I have same graphic card i.e. ATI Radeon 9100 IGP, on Toshiba Satellite laptop.
I am running FreeBSD 8.0 release version.

I am able to run gnome after disabling dri and dri2 and enabling Noaccel in xorg.conf.
as mentioned in the post:
http://forums.freebsd.org/showthread.php?t=11453

But then windows move/resize very sluggishly.
Please tell me have you found some better the solution to your problem?

I will be thankful.


----------



## wblock@ (May 30, 2010)

gps23 said:
			
		

> I am able to run gnome after disabling dri and dri2 and enabling Noaccel in xorg.conf.
> as mentioned in the post:
> http://forums.freebsd.org/showthread.php?t=11453
> 
> But then windows move/resize very sluggishly.
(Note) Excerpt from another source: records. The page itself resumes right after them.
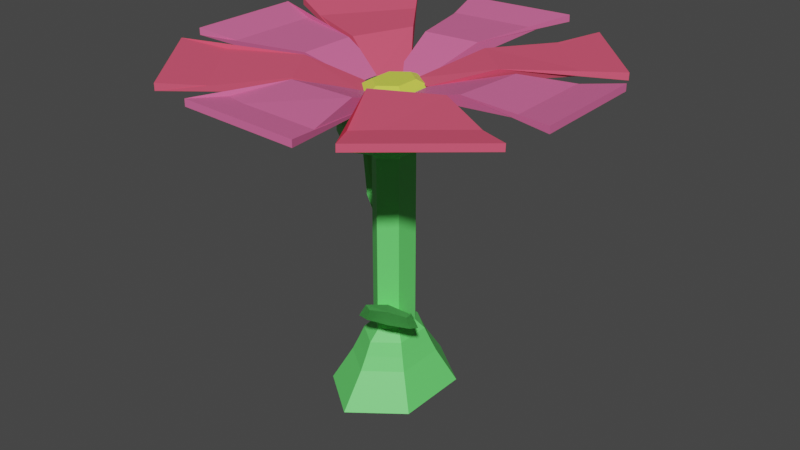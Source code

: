 # Source: flower0.blend  (saved by Blender 2.93.21; exported with 4.5.12 LTS)
import bpy
from mathutils import Matrix  # noqa: F401  (used for matrix-valued properties, if any)

bpy.ops.wm.read_factory_settings(use_empty=True)
scene = bpy.context.scene
scene.name = 'Scene'

# ---- collections
col_flower_pink = bpy.data.collections.new('Flower Pink'); scene.collection.children.link(col_flower_pink)
col_petals_003 = bpy.data.collections.new('Petals.003'); col_flower_pink.children.link(col_petals_003)
col_bottom_003 = bpy.data.collections.new('Bottom.003'); col_flower_pink.children.link(col_bottom_003)

# ---- materials (node trees are filled in below, after node groups)
mat_pink = bpy.data.materials.new('Pink')
mat_pink.use_transparent_shadow = False
mat_pink.diffuse_color = (0.1855, 0.4325, 0.8, 1.0)
mat_pink1 = bpy.data.materials.new('Pink1')
mat_pink1.use_transparent_shadow = False
mat_pink1.diffuse_color = (0.8, 0.1015, 0.1758, 1.0)
mat_green = bpy.data.materials.new('Green')
mat_green.use_transparent_shadow = False
mat_yellow = bpy.data.materials.new('Yellow')
mat_yellow.use_transparent_shadow = False
mat_green_002 = bpy.data.materials.new('Green.002')
mat_green_002.use_transparent_shadow = False

# ---- material node trees
mat_pink.use_nodes = True; mat_pink.node_tree.nodes.clear()
_N = mat_pink.node_tree.nodes; _L = mat_pink.node_tree.links
n0 = _N.new('ShaderNodeBsdfPrincipled'); n0.name = 'Principled BSDF'; n0.location = (10, 300)
n0.distribution = 'GGX'
n0.subsurface_method = 'BURLEY'
n0.inputs[0].default_value = (0.8, 0.1512, 0.3521, 1.0)
n0.inputs[3].default_value = 1.45
n0.inputs[27].default_value = (0.0, 0.0, 0.0, 1.0)
n0.inputs[28].default_value = 1.0
n1 = _N.new('ShaderNodeOutputMaterial'); n1.name = 'Material Output'; n1.location = (300, 300)
_L.new(n0.outputs[0], n1.inputs[0])
n1.is_active_output = True
mat_green.use_nodes = True; mat_green.node_tree.nodes.clear()
_N = mat_green.node_tree.nodes; _L = mat_green.node_tree.links
n0 = _N.new('ShaderNodeBsdfPrincipled'); n0.name = 'Principled BSDF'; n0.location = (10, 300)
n0.distribution = 'GGX'
n0.subsurface_method = 'BURLEY'
n0.inputs[0].default_value = (0.1451, 0.8, 0.1632, 1.0)
n0.inputs[3].default_value = 1.45
n0.inputs[27].default_value = (0.0, 0.0, 0.0, 1.0)
n0.inputs[28].default_value = 1.0
n1 = _N.new('ShaderNodeOutputMaterial'); n1.name = 'Material Output'; n1.location = (300, 300)
_L.new(n0.outputs[0], n1.inputs[0])
n1.is_active_output = True
mat_yellow.use_nodes = True; mat_yellow.node_tree.nodes.clear()
_N = mat_yellow.node_tree.nodes; _L = mat_yellow.node_tree.links
n0 = _N.new('ShaderNodeBsdfPrincipled'); n0.name = 'Principled BSDF'; n0.location = (10, 300)
n0.distribution = 'GGX'
n0.subsurface_method = 'BURLEY'
n0.inputs[0].default_value = (0.6962, 0.8, 0.08475, 1.0)
n0.inputs[3].default_value = 1.45
n0.inputs[27].default_value = (0.0, 0.0, 0.0, 1.0)
n0.inputs[28].default_value = 1.0
n1 = _N.new('ShaderNodeOutputMaterial'); n1.name = 'Material Output'; n1.location = (300, 300)
_L.new(n0.outputs[0], n1.inputs[0])
n1.is_active_output = True
mat_green_002.use_nodes = True; mat_green_002.node_tree.nodes.clear()
_N = mat_green_002.node_tree.nodes; _L = mat_green_002.node_tree.links
n0 = _N.new('ShaderNodeBsdfPrincipled'); n0.name = 'Principled BSDF'; n0.location = (10, 300)
n0.distribution = 'GGX'
n0.subsurface_method = 'BURLEY'
n0.inputs[0].default_value = (0.1451, 0.8, 0.1632, 1.0)
n0.inputs[3].default_value = 1.45
n0.inputs[27].default_value = (0.0, 0.0, 0.0, 1.0)
n0.inputs[28].default_value = 1.0
n1 = _N.new('ShaderNodeOutputMaterial'); n1.name = 'Material Output'; n1.location = (300, 300)
_L.new(n0.outputs[0], n1.inputs[0])
n1.is_active_output = True

# ---- world
world_world = bpy.data.worlds.new('World'); scene.world = world_world
world_world.use_nodes = True; world_world.node_tree.nodes.clear()
_N = world_world.node_tree.nodes; _L = world_world.node_tree.links
n0 = _N.new('ShaderNodeOutputWorld'); n0.name = 'World Output'; n0.location = (300, 300)
n1 = _N.new('ShaderNodeBackground'); n1.name = 'Background'; n1.location = (10, 300)
n1.inputs[0].default_value = (0.05088, 0.05088, 0.05088, 1.0)
_L.new(n1.outputs[0], n0.inputs[0])
n0.is_active_output = True
world_world.color = (0.05088, 0.05088, 0.05088)
world_world.use_sun_shadow = False
world_world.sun_shadow_jitter_overblur = 0.0

# ---- meshes
me_cube_032 = bpy.data.meshes.new('Cube.032')
me_cube_032.from_pydata([(-1.336, -1.637, -1.637), (-1.336, -1.637, 1.637), (-1.336, 1.637, -1.637), (-1.336, 1.637, 1.637), (1.838, -1.0, -1.0), (3.232, -0.5344, -10.98), (1.838, 0.6389, -1.0), (3.232, 0.3503, -10.98)], [], [(0, 1, 3, 2), (2, 3, 7, 6), (6, 7, 5, 4), (4, 5, 1, 0), (2, 6, 4, 0), (7, 3, 1, 5)])
_uv = me_cube_032.uv_layers.new(name='UVMap')
_uv.uv.foreach_set('vector', [0.375, 0.0, 0.625, 0.0, 0.625, 0.25, 0.375, 0.25, 0.375, 0.25, 0.625, 0.25, 0.625, 0.5, 0.375, 0.5, 0.375, 0.5, 0.625, 0.5, 0.625, 0.75, 0.375, 0.75, 0.375, 0.75, 0.625, 0.75, 0.625, 1.0, 0.375, 1.0, 0.125, 0.5, 0.375, 0.5, 0.375, 0.75, 0.125, 0.75, 0.625, 0.5, 0.875, 0.5, 0.875, 0.75, 0.625, 0.75])
me_cube_032.materials.append(mat_pink)
me_cube_032.use_remesh_fix_poles = True
me_cube_032.use_remesh_preserve_attributes = False
me_cube_032.update()
me_cube_033 = bpy.data.meshes.new('Cube.033')
me_cube_033.from_pydata([(-1.336, -1.637, -1.637), (-1.336, -1.637, 1.637), (-1.336, 1.637, -1.637), (-1.336, 1.637, 1.637), (1.838, -1.0, -1.0), (3.32, -0.7888, -10.82), (1.411, 0.7032, -1.051), (3.32, 0.09591, -10.82)], [], [(0, 1, 3, 2), (2, 3, 7, 6), (6, 7, 5, 4), (4, 5, 1, 0), (2, 6, 4, 0), (7, 3, 1, 5)])
_uv = me_cube_033.uv_layers.new(name='UVMap')
_uv.uv.foreach_set('vector', [0.375, 0.0, 0.625, 0.0, 0.625, 0.25, 0.375, 0.25, 0.375, 0.25, 0.625, 0.25, 0.625, 0.5, 0.375, 0.5, 0.375, 0.5, 0.625, 0.5, 0.625, 0.75, 0.375, 0.75, 0.375, 0.75, 0.625, 0.75, 0.625, 1.0, 0.375, 1.0, 0.125, 0.5, 0.375, 0.5, 0.375, 0.75, 0.125, 0.75, 0.625, 0.5, 0.875, 0.5, 0.875, 0.75, 0.625, 0.75])
me_cube_033.materials.append(mat_pink1)
me_cube_033.use_remesh_fix_poles = True
me_cube_033.use_remesh_preserve_attributes = False
me_cube_033.update()
me_cube_034 = bpy.data.meshes.new('Cube.034')
me_cube_034.from_pydata([(-1.336, -1.637, -1.637), (-1.336, -1.637, 1.637), (-1.336, 1.637, -1.637), (-1.336, 1.637, 1.637), (1.839, -0.8004, -1.066), (3.452, -0.4422, -11.28), (1.837, 0.8764, -0.959), (3.452, 0.4425, -11.28)], [], [(0, 1, 3, 2), (2, 3, 7, 6), (6, 7, 5, 4), (4, 5, 1, 0), (2, 6, 4, 0), (7, 3, 1, 5)])
_uv = me_cube_034.uv_layers.new(name='UVMap')
_uv.uv.foreach_set('vector', [0.375, 0.0, 0.625, 0.0, 0.625, 0.25, 0.375, 0.25, 0.375, 0.25, 0.625, 0.25, 0.625, 0.5, 0.375, 0.5, 0.375, 0.5, 0.625, 0.5, 0.625, 0.75, 0.375, 0.75, 0.375, 0.75, 0.625, 0.75, 0.625, 1.0, 0.375, 1.0, 0.125, 0.5, 0.375, 0.5, 0.375, 0.75, 0.125, 0.75, 0.625, 0.5, 0.875, 0.5, 0.875, 0.75, 0.625, 0.75])
me_cube_034.materials.append(mat_pink)
me_cube_034.use_remesh_fix_poles = True
me_cube_034.use_remesh_preserve_attributes = False
me_cube_034.update()
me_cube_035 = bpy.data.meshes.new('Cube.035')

I would try that without setting NoAccel.  And make sure Composite is off.  It might be helpful if you posted your xorg.conf.


----------



## gps23 (May 31, 2010)

I would have sent have my xorg.conf but i was fed up of problems with Freebsd (my touchpad, wifi were also not working) so i formatted my laptop and installed Debian over it.
I will install FreeBSD some time again on my desktop which have newer hardware.

But trust me, the only change i did was disabling dri and dri2 and enabling NoAccel.


----------